FACTS AND PROCEDURAL HISTORY

¶2 In April 2014, the Department1 received a report that the children were receiving unnecessary medical treatments contrary to their best interests and the recommendations of their doctors. Five days later, the Department took custody of the children.

¶3 After over a year of the Department attempting to provide services to Mother and Chad D. (“Father”),2 the superior court tried dependency and severance petitions in a consolidated proceeding. See K.D. v. Hoffman, 238 Ariz. 278 (App. 2015). After twelve days of testimony, the superior court made detailed factual findings about the children’s respective medical histories before and after the Department took custody.

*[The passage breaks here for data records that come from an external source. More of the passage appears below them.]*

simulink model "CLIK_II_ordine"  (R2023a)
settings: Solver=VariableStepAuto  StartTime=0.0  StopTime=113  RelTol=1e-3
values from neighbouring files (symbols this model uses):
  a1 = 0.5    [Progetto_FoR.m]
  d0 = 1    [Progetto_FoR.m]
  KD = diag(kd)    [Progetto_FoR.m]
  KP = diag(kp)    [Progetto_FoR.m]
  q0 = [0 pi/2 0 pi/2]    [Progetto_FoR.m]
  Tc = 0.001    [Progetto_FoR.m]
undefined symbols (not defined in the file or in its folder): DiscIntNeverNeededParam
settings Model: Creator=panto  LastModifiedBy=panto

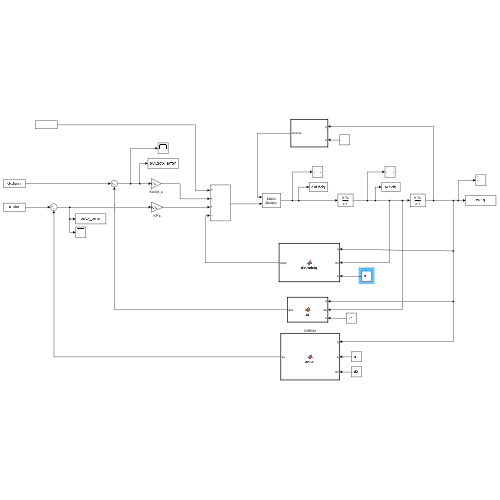
[thumbnail: Simulink's stored preview of the top-level diagram]
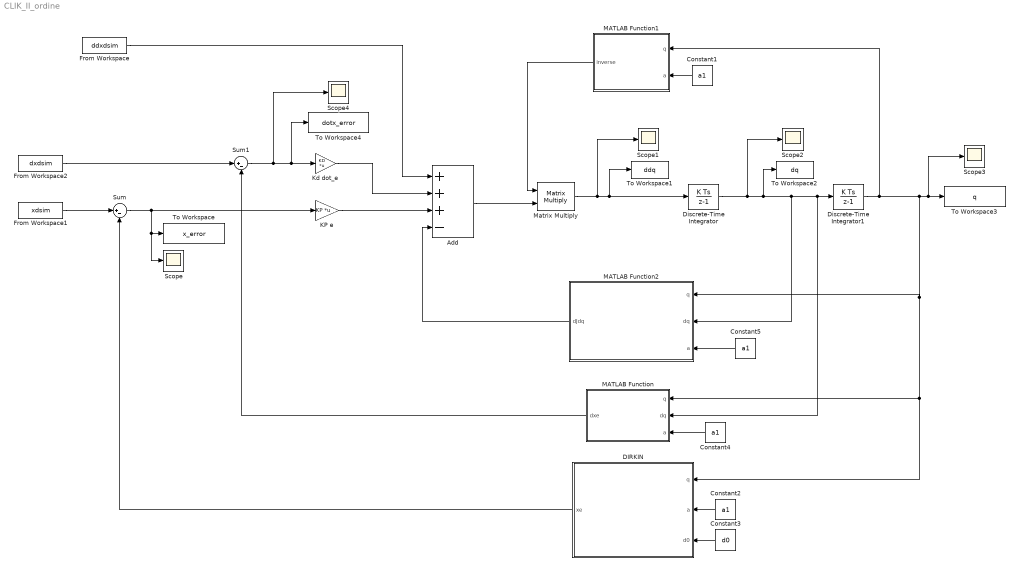
== system CLIK_II_ordine ==
  Add : Sum  Inputs=+++-
  Constant{1..2,4..5} (4 alike) : Constant  Value=a1
  Constant3 : Constant  Value=d0
  DIRKIN : MATLAB Function  TreatAsAtomicUnit=on
  Discrete-Time Integrator : DiscreteIntegrator  SampleTime=Tc  ICPrevOutput=DiscIntNeverNeededParam  ICPrevScaledInput=DiscIntNeverNeededParam
  Discrete-Time Integrator1 : DiscreteIntegrator  InitialCondition=q0'  SampleTime=Tc  ICPrevOutput=DiscIntNeverNeededParam  ICPrevScaledInput=DiscIntNeverNeededParam
  From Workspace : FromWorkspace  VariableName=ddxdsim  SampleTime=Tc
  From Workspace1 : FromWorkspace  VariableName=xdsim  SampleTime=Tc
  From Workspace2 : FromWorkspace  VariableName=dxdsim  SampleTime=Tc
  KP e : Gain  Gain=KP  Multiplication=Matrix(K*u)
  Kd dot_e : Gain  Gain=KD  Multiplication=Matrix(K*u)
  MATLAB Function : MATLAB Function  TreatAsAtomicUnit=on
  MATLAB Function1 : MATLAB Function  TreatAsAtomicUnit=on
  MATLAB Function2 : MATLAB Function  TreatAsAtomicUnit=on
  Matrix Multiply : Product  Multiplication=Matrix(*)
  Scope{,1..4} (5 alike) : Scope
  Sum : Sum  Inputs=|+-
  Sum1 : Sum  Inputs=|+-
  To Workspace : ToWorkspace  VariableName=x_error  SampleTime=Tc
      settings: Save2DSignal=2-D array (concatenate along first dimension)
  To Workspace1 : ToWorkspace  VariableName=ddq  SampleTime=-1
      settings: Save2DSignal=2-D array (concatenate along first dimension)
  To Workspace2 : ToWorkspace  VariableName=dq  SampleTime=-1
      settings: Save2DSignal=2-D array (concatenate along first dimension)
  To Workspace3 : ToWorkspace  VariableName=q  SampleTime=Tc
      settings: Save2DSignal=2-D array (concatenate along first dimension)
  To Workspace4 : ToWorkspace  VariableName=dotx_error  SampleTime=-1
      settings: Save2DSignal=2-D array (concatenate along first dimension)
  wires:
  Constant2/1 -> DIRKIN/2(a)
  Constant3/1 -> DIRKIN/3(d0)
  From Workspace1/1 -> Sum/1
  Sum/1 -> Scope/1, To Workspace/1, KP e/1
  DIRKIN/1(xe) -> Sum/2
  Kd dot_e/1 -> Add/2
  Add/1 -> Matrix Multiply/2
  Matrix Multiply/1 -> Scope1/1, To Workspace1/1, Discrete-Time Integrator/1
  Discrete-Time Integrator/1 -> Scope2/1, To Workspace2/1, MATLAB Function2/2(dq), MATLAB Function/2(dq), Discrete-Time Integrator1/1
  Discrete-Time Integrator1/1 -> MATLAB Function2/1(q), MATLAB Function/1(q), DIRKIN/1(q), Scope3/1, To Workspace3/1, MATLAB Function1/1(q)
  Constant1/1 -> MATLAB Function1/2(a)
  MATLAB Function1/1(inverse) -> Matrix Multiply/1
  From Workspace2/1 -> Sum1/1
  KP e/1 -> Add/3
  Sum1/1 -> Scope4/1, To Workspace4/1, Kd dot_e/1
  From Workspace/1 -> Add/1
  Constant4/1 -> MATLAB Function/3(a)
  MATLAB Function/1(dxe) -> Sum1/2
  MATLAB Function2/1(dJdq) -> Add/4
  Constant5/1 -> MATLAB Function2/3(a)

== matlab function CLIK_II_ordine/MATLAB Function1 ==
  data: q input; inverse output; a input
function inverse = invJ(q,a)
%devo prima calcolare lo Jacobiano analitico e poi invertirlo
%Nel caso dello SCARA, lo Jacobiano analitico coincide con quello
%geometrico: questo perchè nello SCARA l'orientamento può essere
%rappresentato direttamente dall'angolo attorno a z, e quindi la velocità
%angolare z si traduce direttamente nella velocità di cambiamento
%dell'angolo di orientamento attorno z
%dal libro when the DOFs cause rotations of the end-effector all about the 
% same fixed axis in space, the two Jacobians are essentially the same
   
    Ja = zeros(4,4);
    Ja = [-a*sin(q(1)+q(2))-a*sin(q(1)) -a*sin(q(1)+q(2)) 0 0;
        a*cos(q(1)+q(2))+a*cos(q(1)) a*cos(q(1)+q(2)) 0 0;
        0 0 -1 0;
        1 1 0 -1];

    inverse = inv(Ja);

end

== matlab function CLIK_II_ordine/DIRKIN ==
  data: q input; xe output; a input; d0 input
function xe = dirkyn(q, a, d0)
  xe = zeros(4,1);
    xe = [a*cos(q(1)+q(2))+a*cos(q(1));
        a*sin(q(1)+q(2))+a*sin(q(1));
        d0-q(3);
        q(1)+q(2)-q(4)];
end

== matlab function CLIK_II_ordine/MATLAB Function ==
  data: q input; dq input; dxe output; a input
function dxe = Ja(q,dq,a)

Ja = zeros(4,4);
Ja = [-a*sin(q(1)+q(2))-a*sin(q(1)) -a*sin(q(1)+q(2)) 0 0;
        a*cos(q(1)+q(2))+a*cos(q(1)) a*cos(q(1)+q(2)) 0 0;
        0 0 -1 0;
        1 1 0 -1];

    dxe = Ja*dq;

end

== matlab function CLIK_II_ordine/MATLAB Function2 ==
  data: q input; dq input; dJdq output; a input
function dJdq =  dotJadotq(q,dq,a)
    
    dotJa = zeros(4,4);
    dotJa = [-a*cos(q(1))*dq(1)-a*cos(q(1)+q(2))*(dq(1)+dq(2)) -a*cos(q(1)+q(2))*(dq(1)+dq(2)) 0 0;
        -a*sin(q(1))*dq(1)-a*sin(q(1)+q(2))*(dq(1)+dq(2)) -a*sin(q(1)+q(2))*(dq(1)+dq(2)) 0 0;
        0 0 0 0;
        0 0 0 0];

    dJdq = dotJa*dq;

end

1 Pursuant to S.B. 1001, Section 157, 51st Leg., 2nd Spec. Sess. (Ariz. 2014) (enacted), the Department of Child Safety is substituted for the Arizona Department of Economic Security in this matter. See ARCAP 27. In the text of our decision, we refer to both the Department of Child Safety and the Arizona Department of Economic Security as “the Department.”

2 The superior court also severed Father’s rights, and he appealed. After his counsel filed an affidavit pursuant to Rule 106(G) of the Arizona Rules of Procedure for the Juvenile Court, Father’s appeal was dismissed.

2 MELISSA D. v. DCS et al. Decision of the Court

The superior court found that the children were dependent as to Mother because she sought excessive medical procedures the children did not need for medical conditions they did not have. See A.R.S. § 8-201(15). The superior court found clear and convincing evidence of abuse and neglect, and further found by a preponderance of the evidence that severance was in the children’s best interests. See A.R.S. § 8-533(B)(2). Mother timely appeals.

DISCUSSION

¶4 Mother argues that she was denied due process, the superior court improperly excluded evidence, the Department destroyed evidence, and the evidence presented does not support the superior court’s findings.3

I. DUE PROCESS

A. Right to a Jury Trial

¶5 Mother argues that the superior court improperly denied her a jury trial. Neither the Arizona or federal constitutions require a jury trial to sever parental rights. Monica C. v. Ariz. Dep’t of Econ. Sec., 211 Ariz. 89, 93, ¶ 17 (App. 2005). And in 2007, the Legislature eliminated the statutory right to jury trial in severance actions. Ariz. Dep’t of Econ. Sec. v. Reinstein, 214 Ariz. 209, 213, ¶ 14 (App. 2007). The superior court correctly denied Mother’s request.

B. Access to and Seal of Court Records

¶6 Mother next argues that she was denied access to exhibits and records during trial and on appeal and that the records should be made public.

¶7 In April 2015, the superior court prohibited Mother from having any further unsupervised access to any of the case’s records. The superior court appointed a private party to retain the records and provide her with supervised access. We agreed such precautions were necessary

3 Mother also contends that her house and computer were searched in violation of the Fourth Amendment. The record contains nothing regarding such an incident, and we do not address the issue. Mother also urges us to disregard the Department’s answering brief for untimeliness. However, the Department showed good cause for the delay, and we properly extended time.

3 MELISSA D. v. DCS et al. Decision of the Court

and directed the superior court to make arrangements for Mother to have the same supervised access to the records on appeal as at trial.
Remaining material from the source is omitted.